**GIVEN DATA**:
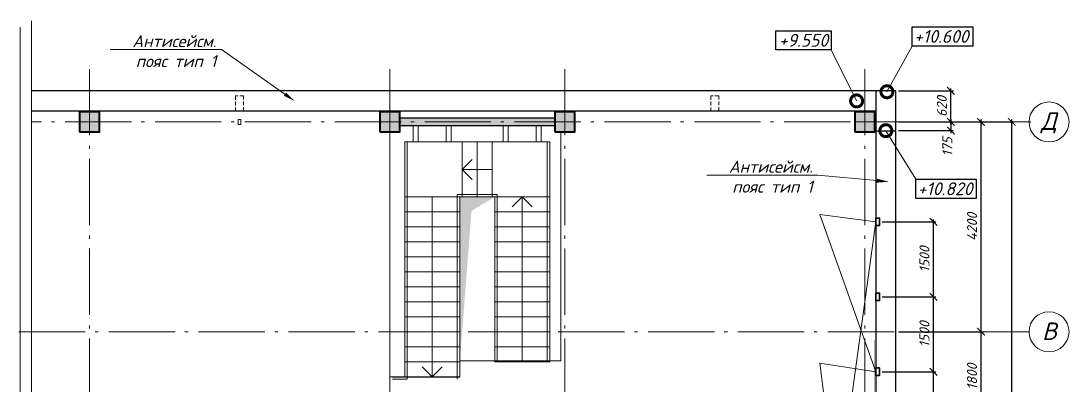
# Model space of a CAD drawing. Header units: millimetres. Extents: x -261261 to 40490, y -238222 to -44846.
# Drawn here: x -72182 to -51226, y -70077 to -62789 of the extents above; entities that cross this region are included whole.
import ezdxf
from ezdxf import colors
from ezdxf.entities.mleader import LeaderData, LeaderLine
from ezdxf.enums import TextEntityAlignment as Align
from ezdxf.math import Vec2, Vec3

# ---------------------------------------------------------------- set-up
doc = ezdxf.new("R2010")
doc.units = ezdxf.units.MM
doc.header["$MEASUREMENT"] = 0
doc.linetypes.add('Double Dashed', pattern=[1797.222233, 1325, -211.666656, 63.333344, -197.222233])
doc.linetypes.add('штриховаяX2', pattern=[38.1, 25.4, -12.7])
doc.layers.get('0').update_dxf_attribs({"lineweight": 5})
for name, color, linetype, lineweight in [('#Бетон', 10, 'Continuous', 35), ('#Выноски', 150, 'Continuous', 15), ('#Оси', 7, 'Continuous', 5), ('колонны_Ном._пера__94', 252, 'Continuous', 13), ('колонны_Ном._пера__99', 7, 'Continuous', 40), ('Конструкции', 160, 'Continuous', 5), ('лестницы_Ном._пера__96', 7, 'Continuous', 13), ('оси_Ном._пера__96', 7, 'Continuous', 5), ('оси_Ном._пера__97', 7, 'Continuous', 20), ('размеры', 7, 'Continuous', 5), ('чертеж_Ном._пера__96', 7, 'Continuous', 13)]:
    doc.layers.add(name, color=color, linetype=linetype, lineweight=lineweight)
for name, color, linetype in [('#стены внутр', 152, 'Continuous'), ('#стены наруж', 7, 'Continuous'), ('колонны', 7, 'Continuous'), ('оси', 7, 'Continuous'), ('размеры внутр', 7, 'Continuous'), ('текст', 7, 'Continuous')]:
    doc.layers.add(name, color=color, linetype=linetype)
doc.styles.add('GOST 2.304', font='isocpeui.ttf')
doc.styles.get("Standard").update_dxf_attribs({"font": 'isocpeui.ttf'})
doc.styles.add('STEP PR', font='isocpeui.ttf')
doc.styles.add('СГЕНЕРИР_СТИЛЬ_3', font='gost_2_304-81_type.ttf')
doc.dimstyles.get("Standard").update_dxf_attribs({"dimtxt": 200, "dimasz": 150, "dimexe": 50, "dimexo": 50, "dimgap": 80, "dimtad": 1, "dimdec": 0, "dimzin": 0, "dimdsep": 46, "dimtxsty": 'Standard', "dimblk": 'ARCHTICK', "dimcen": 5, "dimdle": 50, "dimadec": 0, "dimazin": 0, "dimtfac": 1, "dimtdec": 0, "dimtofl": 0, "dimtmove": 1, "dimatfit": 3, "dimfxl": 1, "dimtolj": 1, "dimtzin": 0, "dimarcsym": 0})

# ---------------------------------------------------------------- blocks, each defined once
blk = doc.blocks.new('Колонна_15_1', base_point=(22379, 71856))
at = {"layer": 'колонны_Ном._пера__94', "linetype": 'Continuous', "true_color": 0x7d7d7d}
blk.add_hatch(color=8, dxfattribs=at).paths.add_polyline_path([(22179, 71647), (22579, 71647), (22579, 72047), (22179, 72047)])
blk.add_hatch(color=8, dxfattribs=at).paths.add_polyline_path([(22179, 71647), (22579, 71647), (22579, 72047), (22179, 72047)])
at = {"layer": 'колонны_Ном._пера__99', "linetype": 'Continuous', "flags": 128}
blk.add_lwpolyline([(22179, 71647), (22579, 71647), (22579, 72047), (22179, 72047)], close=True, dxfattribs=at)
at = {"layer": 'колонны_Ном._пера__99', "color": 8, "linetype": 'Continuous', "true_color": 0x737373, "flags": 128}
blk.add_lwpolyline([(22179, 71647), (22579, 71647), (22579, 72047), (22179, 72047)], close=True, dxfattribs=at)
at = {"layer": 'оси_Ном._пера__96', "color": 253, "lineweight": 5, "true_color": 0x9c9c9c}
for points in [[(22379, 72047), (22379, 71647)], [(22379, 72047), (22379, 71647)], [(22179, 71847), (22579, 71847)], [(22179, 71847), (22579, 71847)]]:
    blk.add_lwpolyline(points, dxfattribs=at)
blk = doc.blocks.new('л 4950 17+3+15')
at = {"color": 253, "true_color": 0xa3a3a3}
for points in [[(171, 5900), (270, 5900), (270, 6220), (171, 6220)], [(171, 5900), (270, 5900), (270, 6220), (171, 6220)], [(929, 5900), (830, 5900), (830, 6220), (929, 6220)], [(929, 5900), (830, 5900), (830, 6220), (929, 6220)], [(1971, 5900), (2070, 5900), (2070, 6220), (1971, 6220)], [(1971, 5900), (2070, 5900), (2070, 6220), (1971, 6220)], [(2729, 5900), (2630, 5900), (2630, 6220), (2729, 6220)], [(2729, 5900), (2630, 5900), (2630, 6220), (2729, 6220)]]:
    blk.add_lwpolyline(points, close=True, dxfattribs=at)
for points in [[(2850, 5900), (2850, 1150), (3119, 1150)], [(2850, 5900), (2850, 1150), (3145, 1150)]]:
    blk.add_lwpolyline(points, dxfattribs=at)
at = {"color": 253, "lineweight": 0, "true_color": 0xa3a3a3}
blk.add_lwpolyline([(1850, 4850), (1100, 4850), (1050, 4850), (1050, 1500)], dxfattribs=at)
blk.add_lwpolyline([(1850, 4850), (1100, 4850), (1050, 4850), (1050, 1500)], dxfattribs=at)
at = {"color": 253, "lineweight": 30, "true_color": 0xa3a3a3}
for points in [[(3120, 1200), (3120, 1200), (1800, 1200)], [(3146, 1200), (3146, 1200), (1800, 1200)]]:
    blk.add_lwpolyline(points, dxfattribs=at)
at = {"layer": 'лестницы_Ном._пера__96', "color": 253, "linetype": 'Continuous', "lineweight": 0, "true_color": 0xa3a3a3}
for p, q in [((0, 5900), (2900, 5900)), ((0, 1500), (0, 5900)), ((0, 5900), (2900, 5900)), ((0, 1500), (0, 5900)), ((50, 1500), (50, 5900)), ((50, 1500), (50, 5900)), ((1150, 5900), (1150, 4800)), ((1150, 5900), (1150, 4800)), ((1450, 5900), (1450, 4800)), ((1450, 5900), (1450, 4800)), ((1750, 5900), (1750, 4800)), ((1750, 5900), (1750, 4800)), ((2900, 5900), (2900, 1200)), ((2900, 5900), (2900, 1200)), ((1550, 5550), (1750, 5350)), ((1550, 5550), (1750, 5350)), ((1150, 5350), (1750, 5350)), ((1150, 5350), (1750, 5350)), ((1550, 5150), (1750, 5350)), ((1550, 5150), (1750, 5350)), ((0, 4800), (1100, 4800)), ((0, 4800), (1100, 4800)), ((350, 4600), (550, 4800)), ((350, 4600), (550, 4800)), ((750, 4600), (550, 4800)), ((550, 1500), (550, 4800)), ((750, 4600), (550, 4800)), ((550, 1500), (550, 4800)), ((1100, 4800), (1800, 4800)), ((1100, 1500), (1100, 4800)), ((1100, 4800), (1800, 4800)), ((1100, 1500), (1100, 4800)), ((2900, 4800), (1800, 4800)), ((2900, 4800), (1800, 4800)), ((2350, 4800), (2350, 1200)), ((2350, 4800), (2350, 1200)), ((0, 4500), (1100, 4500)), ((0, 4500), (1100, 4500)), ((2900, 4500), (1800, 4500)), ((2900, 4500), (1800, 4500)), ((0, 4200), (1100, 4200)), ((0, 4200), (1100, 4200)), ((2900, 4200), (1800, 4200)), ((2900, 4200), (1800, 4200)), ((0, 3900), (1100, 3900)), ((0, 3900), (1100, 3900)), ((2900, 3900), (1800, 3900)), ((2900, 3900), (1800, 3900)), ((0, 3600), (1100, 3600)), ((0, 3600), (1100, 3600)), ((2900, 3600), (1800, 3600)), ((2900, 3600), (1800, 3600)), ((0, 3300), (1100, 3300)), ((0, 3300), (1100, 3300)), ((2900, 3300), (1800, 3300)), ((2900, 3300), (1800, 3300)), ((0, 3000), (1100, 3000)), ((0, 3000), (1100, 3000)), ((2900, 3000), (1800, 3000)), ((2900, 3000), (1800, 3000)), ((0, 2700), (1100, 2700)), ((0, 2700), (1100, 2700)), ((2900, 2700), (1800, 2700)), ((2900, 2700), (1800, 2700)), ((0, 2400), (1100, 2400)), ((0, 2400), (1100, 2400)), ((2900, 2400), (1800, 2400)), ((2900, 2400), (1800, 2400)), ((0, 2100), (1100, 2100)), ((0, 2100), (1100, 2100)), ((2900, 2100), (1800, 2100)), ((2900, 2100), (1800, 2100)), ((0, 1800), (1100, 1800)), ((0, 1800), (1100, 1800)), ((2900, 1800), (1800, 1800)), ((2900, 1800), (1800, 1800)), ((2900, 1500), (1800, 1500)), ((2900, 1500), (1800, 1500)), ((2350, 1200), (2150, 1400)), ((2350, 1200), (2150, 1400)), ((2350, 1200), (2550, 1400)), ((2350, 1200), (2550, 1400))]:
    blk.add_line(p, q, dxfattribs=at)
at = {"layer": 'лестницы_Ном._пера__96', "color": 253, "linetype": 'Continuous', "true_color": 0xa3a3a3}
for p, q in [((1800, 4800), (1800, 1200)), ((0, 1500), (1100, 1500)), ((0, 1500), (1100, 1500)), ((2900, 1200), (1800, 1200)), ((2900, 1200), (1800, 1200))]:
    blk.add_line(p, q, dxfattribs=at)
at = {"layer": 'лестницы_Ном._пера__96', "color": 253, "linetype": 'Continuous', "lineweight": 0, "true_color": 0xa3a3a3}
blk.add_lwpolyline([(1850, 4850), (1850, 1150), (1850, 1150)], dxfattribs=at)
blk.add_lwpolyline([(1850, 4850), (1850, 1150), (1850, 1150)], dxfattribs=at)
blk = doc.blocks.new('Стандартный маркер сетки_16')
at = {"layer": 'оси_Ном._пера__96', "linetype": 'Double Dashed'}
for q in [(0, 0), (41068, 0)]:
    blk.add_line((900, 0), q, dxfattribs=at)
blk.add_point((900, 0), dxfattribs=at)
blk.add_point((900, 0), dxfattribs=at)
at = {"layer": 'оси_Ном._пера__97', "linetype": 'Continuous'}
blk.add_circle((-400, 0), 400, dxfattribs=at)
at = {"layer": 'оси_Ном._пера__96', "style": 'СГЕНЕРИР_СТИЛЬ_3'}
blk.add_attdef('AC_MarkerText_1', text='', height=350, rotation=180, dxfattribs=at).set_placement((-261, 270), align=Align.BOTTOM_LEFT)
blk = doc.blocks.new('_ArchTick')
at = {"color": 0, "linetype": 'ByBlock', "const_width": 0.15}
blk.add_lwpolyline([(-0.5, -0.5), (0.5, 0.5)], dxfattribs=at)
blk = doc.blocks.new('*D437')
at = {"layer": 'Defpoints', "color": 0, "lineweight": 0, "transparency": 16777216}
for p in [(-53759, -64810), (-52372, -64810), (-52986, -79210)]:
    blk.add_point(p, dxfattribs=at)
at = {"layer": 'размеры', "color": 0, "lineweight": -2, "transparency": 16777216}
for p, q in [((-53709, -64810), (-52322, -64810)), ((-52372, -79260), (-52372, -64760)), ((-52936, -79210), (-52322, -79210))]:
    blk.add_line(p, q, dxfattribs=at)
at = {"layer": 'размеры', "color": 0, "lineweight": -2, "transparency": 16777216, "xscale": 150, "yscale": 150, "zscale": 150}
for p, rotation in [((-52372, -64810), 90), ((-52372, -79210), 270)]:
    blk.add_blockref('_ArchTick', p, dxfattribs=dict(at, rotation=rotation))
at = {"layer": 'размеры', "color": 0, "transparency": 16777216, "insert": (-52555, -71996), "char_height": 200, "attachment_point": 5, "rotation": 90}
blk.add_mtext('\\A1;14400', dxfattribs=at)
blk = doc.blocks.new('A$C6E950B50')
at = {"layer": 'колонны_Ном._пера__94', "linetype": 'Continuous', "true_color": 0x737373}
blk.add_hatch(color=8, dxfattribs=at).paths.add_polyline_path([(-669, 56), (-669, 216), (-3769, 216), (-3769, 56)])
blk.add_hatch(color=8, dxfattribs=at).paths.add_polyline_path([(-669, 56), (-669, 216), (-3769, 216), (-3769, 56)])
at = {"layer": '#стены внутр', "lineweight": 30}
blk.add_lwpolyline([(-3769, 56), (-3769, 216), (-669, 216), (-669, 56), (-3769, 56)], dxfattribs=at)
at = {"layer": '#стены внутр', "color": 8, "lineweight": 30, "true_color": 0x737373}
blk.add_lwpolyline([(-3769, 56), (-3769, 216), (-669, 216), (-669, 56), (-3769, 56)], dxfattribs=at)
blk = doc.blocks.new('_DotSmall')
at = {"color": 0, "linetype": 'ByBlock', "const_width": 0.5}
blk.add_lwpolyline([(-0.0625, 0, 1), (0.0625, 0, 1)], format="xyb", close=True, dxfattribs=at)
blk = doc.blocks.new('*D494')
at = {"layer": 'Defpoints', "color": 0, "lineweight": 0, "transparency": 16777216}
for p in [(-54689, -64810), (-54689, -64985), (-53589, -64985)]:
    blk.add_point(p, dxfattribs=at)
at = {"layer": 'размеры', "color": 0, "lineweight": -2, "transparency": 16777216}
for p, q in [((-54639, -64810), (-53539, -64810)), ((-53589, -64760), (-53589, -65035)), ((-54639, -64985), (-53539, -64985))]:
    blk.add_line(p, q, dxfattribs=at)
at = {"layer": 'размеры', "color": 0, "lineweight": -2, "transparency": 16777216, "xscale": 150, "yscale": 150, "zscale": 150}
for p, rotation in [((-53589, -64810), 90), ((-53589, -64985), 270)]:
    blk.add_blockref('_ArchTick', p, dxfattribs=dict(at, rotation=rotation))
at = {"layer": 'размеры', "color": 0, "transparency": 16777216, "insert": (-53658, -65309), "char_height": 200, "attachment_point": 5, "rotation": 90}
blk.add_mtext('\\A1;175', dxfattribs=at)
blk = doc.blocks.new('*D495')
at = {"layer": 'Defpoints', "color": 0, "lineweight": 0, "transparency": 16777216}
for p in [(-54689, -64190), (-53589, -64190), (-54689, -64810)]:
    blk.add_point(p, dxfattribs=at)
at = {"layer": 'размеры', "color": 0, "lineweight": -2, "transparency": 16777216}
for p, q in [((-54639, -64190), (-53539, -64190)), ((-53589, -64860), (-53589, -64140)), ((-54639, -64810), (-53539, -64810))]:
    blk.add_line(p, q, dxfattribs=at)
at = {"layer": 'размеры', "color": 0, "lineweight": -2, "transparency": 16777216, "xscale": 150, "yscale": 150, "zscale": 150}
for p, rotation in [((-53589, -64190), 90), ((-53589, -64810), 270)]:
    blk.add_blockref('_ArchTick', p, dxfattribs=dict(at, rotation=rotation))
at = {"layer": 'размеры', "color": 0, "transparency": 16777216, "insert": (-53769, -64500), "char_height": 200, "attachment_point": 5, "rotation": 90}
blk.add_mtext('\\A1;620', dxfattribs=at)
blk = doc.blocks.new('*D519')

**ASSIGNED TASK**:
Copy all lines above where "flags" is present.

**RESPONSE BOX**:
at = {"layer": 'колонны_Ном._пера__99', "linetype": 'Continuous', "flags": 128}
at = {"layer": 'колонны_Ном._пера__99', "color": 8, "linetype": 'Continuous', "true_color": 0x737373, "flags": 128}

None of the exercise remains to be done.